Viana

Viana

Depois de muito chão pela frente, muitas histórias registradas e mais de quinhentos quilômetros de belezas que pouca gente conhece, começa o último trecho da nossa viagem pela Rota Imperial. Deixando o município de Domingos Martins, descemos para o segundo braço final da estrada São Pedro de Alcântara: Viana, Cariacica e Vitória.

Na cidade de Viana, que fica às margens da BR-262, o peso de cidade da Grande Vitória por vezes parece ainda não ter chegado à sede. Gente conversando na rua, pouco trânsito, ar de tranquilidade. E ali na sede do município há locais que valem a visita. A estação ferroviária, que hoje funciona mais como um museu, é um local de destaque na cidade. Ela fica ao lado da BR-262, na margem mesmo, mas com a rapidez do trânsito na rodovia federal muitas vezes a estação passa despercebida na paisagem.

Estação ferroviária de Viana.

A estação é aberta a visitação e, mesmo não funcionando mais para ponto de chegada e partida para os passageiros, trens de carga ainda passam pelo local. Há também placas antigas, fotos e documentos importantes sobre a história da estação. Do outro lado da linha, casas com um estilão centenário ajudam a compor o cenário, que é como uma volta no tempo.

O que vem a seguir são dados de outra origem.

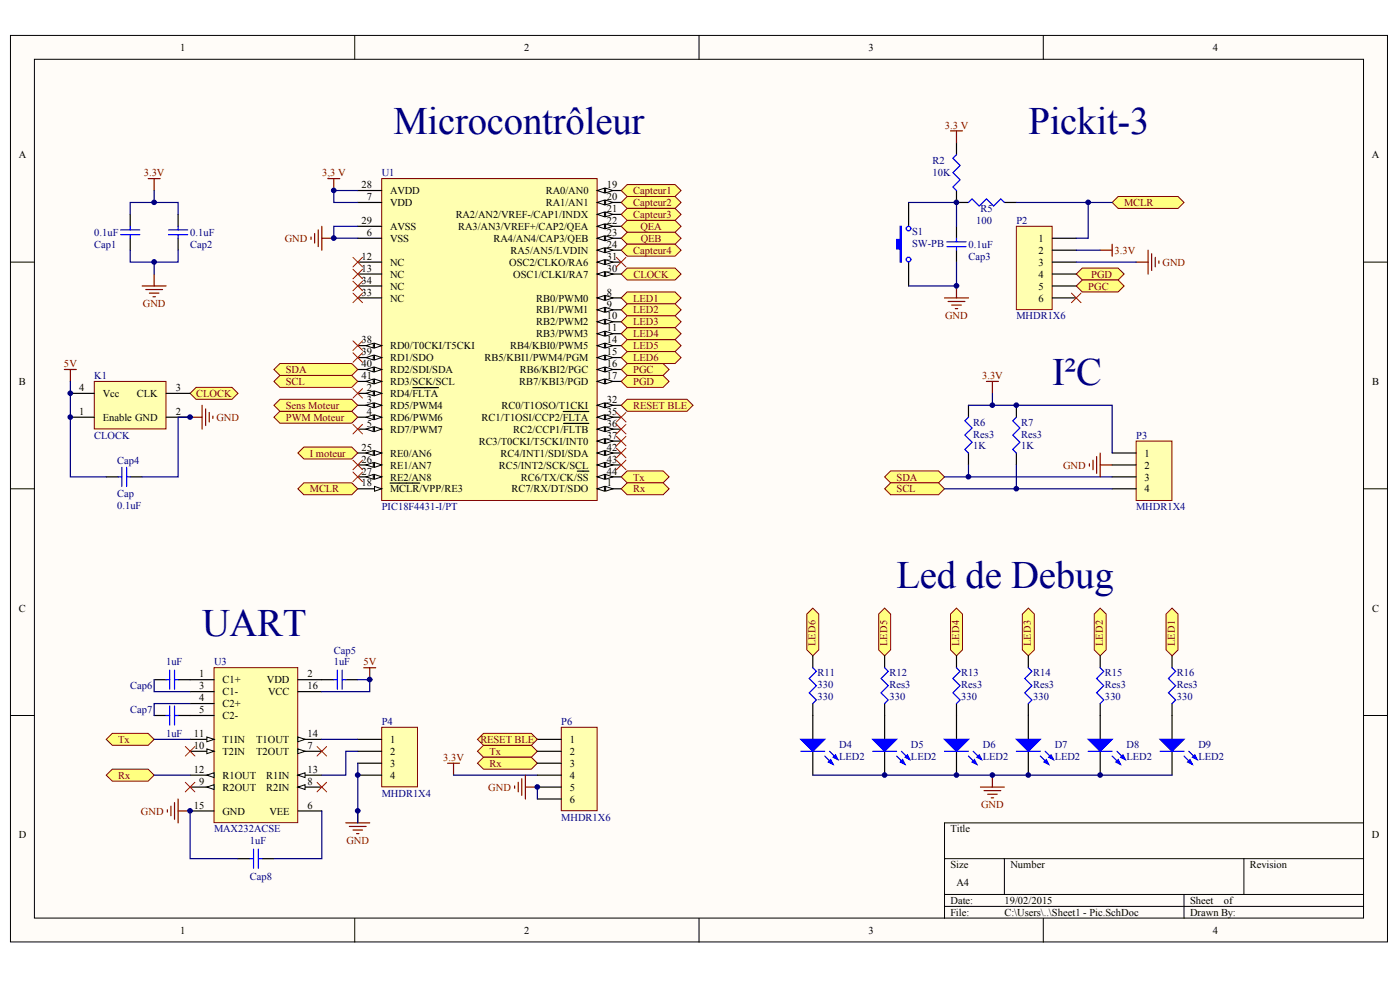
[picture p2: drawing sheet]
<svg xmlns="http://www.w3.org/2000/svg" width="288mm" height="202mm" viewBox="0 0 288 202" stroke-linecap="round" stroke-linejoin="round" font-family="sans-serif">
<g fill="#fffcf8" stroke="#000" stroke-width=".21">
<path d="M2.2 7.3h283.1v186.2h-283.1z"/>
<path d="M7.1 12.2h273.3v176.4h-273.3z"/>
</g>
<g fill="none" stroke="#000" stroke-width=".21">
<path d="M72.9 7.3v4.9M143.7 7.3v4.9M214.5 7.3v4.9M2.2 53.8h4.9M280.4 53.8h4.9M2.2 100.4h4.9M280.4 100.4h4.9M2.2 147h4.9M280.4 147h4.9M194.2 176.4h86.2M206.5 176.4v7.3M255.8 176.4v7.3"/>
<path d="M280.4 169h-86.2v19.6M72.9 188.6v5M143.7 188.6v5M194.2 183.7h86.2M194.2 186.2h86.2M214.5 188.6v5M243.5 183.7v4.9"/>
</g>
<path d="M78.5 36.7h44.3v66.1h-44.3z" fill="#ffffb0" stroke="#800000" stroke-width=".21"/>
<path d="M73.6 100.4h4.9" fill="none" stroke="#000" stroke-width=".25"/>
<path d="M77 99.9l1.5 .5-1.5 .5z" fill="#fffcf8" stroke="#000" stroke-width=".21"/>
<path d="M122.8 39.1h4.9M80.2 99.2h6.1" fill="none" stroke="#000" stroke-width=".25"/>
<g fill="#fffcf8" stroke="#000" stroke-width=".21">
<path d="M122.8 39.1l1.5-.4v.9z"/>
<path d="M124.5 38.7l1.5 .4-1.5 .5z"/>
</g>
<path d="M122.8 41.6h4.9" fill="none" stroke="#000" stroke-width=".25"/>
<g fill="#fffcf8" stroke="#000" stroke-width=".21">
<path d="M122.8 41.6l1.5-.5v1z"/>
<path d="M124.5 41.1l1.5 .5-1.5 .5z"/>
</g>
<path d="M122.8 44h4.9" fill="none" stroke="#000" stroke-width=".25"/>
<g fill="#fffcf8" stroke="#000" stroke-width=".21">
<path d="M122.8 44l1.5-.4v.9z"/>
<path d="M124.5 43.6l1.5 .4-1.5 .5z"/>
</g>
<path d="M122.8 46.5h4.9" fill="none" stroke="#000" stroke-width=".25"/>
<g fill="#fffcf8" stroke="#000" stroke-width=".21">
<path d="M122.8 46.5l1.5-.5v1z"/>
<path d="M124.5 46l1.5 .5-1.5 .5z"/>
</g>
<path d="M122.8 48.9h4.9" fill="none" stroke="#000" stroke-width=".25"/>
<g fill="#fffcf8" stroke="#000" stroke-width=".21">
<path d="M122.8 48.9l1.5-.4v.9z"/>
<path d="M124.5 48.5l1.5 .4-1.5 .5z"/>
</g>
<path d="M122.8 51.4h4.9" fill="none" stroke="#000" stroke-width=".25"/>
<g fill="#fffcf8" stroke="#000" stroke-width=".21">
<path d="M122.8 51.4l1.5-.5v1z"/>
<path d="M124.5 50.9l1.5 .5-1.5 .5z"/>
</g>
<path d="M73.6 93.1h4.9" fill="none" stroke="#000" stroke-width=".25"/>
<g fill="#fffcf8" stroke="#000" stroke-width=".21">
<path d="M77 92.6l1.5 .5-1.5 .5z"/>
<path d="M75.3 93.1l1.5-.5v1z"/>
</g>
<path d="M73.6 95.5h4.9" fill="none" stroke="#000" stroke-width=".25"/>
<g fill="#fffcf8" stroke="#000" stroke-width=".21">
<path d="M77 95l1.5 .5-1.5 .5z"/>
<path d="M75.3 95.5l1.5-.5v1z"/>
</g>
<path d="M73.6 98h4.9" fill="none" stroke="#000" stroke-width=".25"/>
<g fill="#fffcf8" stroke="#000" stroke-width=".21">
<path d="M77 97.5l1.5 .5-1.5 .5z"/>
<path d="M75.3 98l1.5-.5v1z"/>
</g>
<path d="M73.6 39.1h4.9M73.6 46.5h4.9M122.8 56.3h4.9" fill="none" stroke="#000" stroke-width=".25"/>
<g fill="#fffcf8" stroke="#000" stroke-width=".21">
<path d="M122.8 56.3l1.5-.5v1z"/>
<path d="M124.5 55.8l1.5 .5-1.5 .5z"/>
</g>
<path d="M122.8 53.8h4.9" fill="none" stroke="#000" stroke-width=".25"/>
<g fill="#fffcf8" stroke="#000" stroke-width=".21">
<path d="M122.8 53.8l1.5-.4v.9z"/>
<path d="M124.5 53.4l1.5 .4-1.5 .5z"/>
</g>
<path d="M122.8 83.3h4.9" fill="none" stroke="#000" stroke-width=".25"/>
<g fill="#fffcf8" stroke="#000" stroke-width=".21">
<path d="M122.8 83.3l1.5-.5v.9z"/>
<path d="M124.5 82.8l1.5 .5-1.5 .4z"/>
</g>
<path d="M122.8 85.7h4.9" fill="none" stroke="#000" stroke-width=".25"/>
<g fill="#fffcf8" stroke="#000" stroke-width=".21">
<path d="M122.8 85.7l1.5-.5v1z"/>
<path d="M124.5 85.2l1.5 .5-1.5 .5z"/>
</g>
<path d="M115.8 84.5h5.3M122.8 88.2h4.9" fill="none" stroke="#000" stroke-width=".25"/>
<g fill="#fffcf8" stroke="#000" stroke-width=".21">
<path d="M122.8 88.2l1.5-.5v1z"/>
<path d="M124.5 87.7l1.5 .5-1.5 .5z"/>
</g>
<path d="M115.9 87h5.2M122.8 90.6h4.9" fill="none" stroke="#000" stroke-width=".25"/>
<g fill="#fffcf8" stroke="#000" stroke-width=".21">
<path d="M122.8 90.6l1.5-.5v1z"/>
<path d="M124.5 90.1l1.5 .5-1.5 .5z"/>
</g>
<path d="M73.6 71h4.9" fill="none" stroke="#000" stroke-width=".25"/>
<g fill="#fffcf8" stroke="#000" stroke-width=".21">
<path d="M77 70.5l1.5 .5-1.5 .5z"/>
<path d="M75.3 71l1.5-.5v1z"/>
</g>
<path d="M73.6 73.5h4.9" fill="none" stroke="#000" stroke-width=".25"/>
<g fill="#fffcf8" stroke="#000" stroke-width=".21">
<path d="M77 73l1.5 .5-1.5 .4z"/>
<path d="M75.3 73.5l1.5-.5v.9z"/>
</g>
<path d="M73.6 75.9h4.9" fill="none" stroke="#000" stroke-width=".25"/>
<g fill="#fffcf8" stroke="#000" stroke-width=".21">
<path d="M77 75.4l1.5 .5-1.5 .5z"/>
<path d="M75.3 75.9l1.5-.5v1z"/>
</g>
<path d="M73.6 78.4h4.9" fill="none" stroke="#000" stroke-width=".25"/>
<g fill="#fffcf8" stroke="#000" stroke-width=".21">
<path d="M77 77.9l1.5 .5-1.5 .4z"/>
<path d="M75.3 78.4l1.5-.5v.9z"/>
</g>
<path d="M122.8 93.1h4.9" fill="none" stroke="#000" stroke-width=".25"/>
<g fill="#fffcf8" stroke="#000" stroke-width=".21">
<path d="M122.8 93.1l1.5-.5v1z"/>
<path d="M124.5 92.6l1.5 .5-1.5 .5z"/>
</g>
<path d="M122.8 95.5h4.9" fill="none" stroke="#000" stroke-width=".25"/>
<g fill="#fffcf8" stroke="#000" stroke-width=".21">
<path d="M122.8 95.5l1.5-.5v1z"/>
<path d="M124.5 95l1.5 .5-1.5 .5z"/>
</g>
<path d="M122.8 98h4.9" fill="none" stroke="#000" stroke-width=".25"/>
<g fill="#fffcf8" stroke="#000" stroke-width=".21">
<path d="M122.8 98l1.5-.5v1z"/>
<path d="M124.5 97.5l1.5 .5-1.5 .5z"/>
</g>
<path d="M118.7 96.8h2.4M122.8 100.4h4.9" fill="none" stroke="#000" stroke-width=".25"/>
<g fill="#fffcf8" stroke="#000" stroke-width=".21">
<path d="M122.8 100.4l1.5-.5v1z"/>
<path d="M124.5 99.9l1.5 .5-1.5 .5z"/>
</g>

Também em Viana se destaca a igreja de Nossa Senhora da Conceição, um marco na arquitetura da cidade, que repousa em um morro sobre a sede. A igreja é tombada como patrimônio histórico e artístico do Estado e foi construída entre 1815 e 1817 pelos açorianos que chegaram ao local para colonizar a região. Um ponto curioso é que as duas torres da igreja são em formatos diferentes.

Também em Viana há um casarão que abriga a Galeria de Arte Casarão, um espaço de arte que recebe exposições e serve como centro de vivência. E no município ainda está de pé a Fazenda Âncora, onde Dom Pedro II teria se hospedado em viagem ao Espírito Santo.

Desafios

Henrique Casamata comenta sobre o potencial da cidade

Como cidade que praticamente divide a região metropolitana da região serrana do Estado, Viana vê na Rota Imperial uma chance de mostrar que a criatividade e a visão de futuro são a pedida da vez. “Não temos mais espaços só para chaminés no Estado. Com a rota, finalmente vamos ter que voltar para o nosso meio e viver do que nós produzimos. A Rota Imperial fez com que todos os municípios mostrassem a potencialidade que eles têm. Agora é explorar isso de forma sustentável”, resume o secretário de Desenvolvimento Sustentável Henrique Casamata.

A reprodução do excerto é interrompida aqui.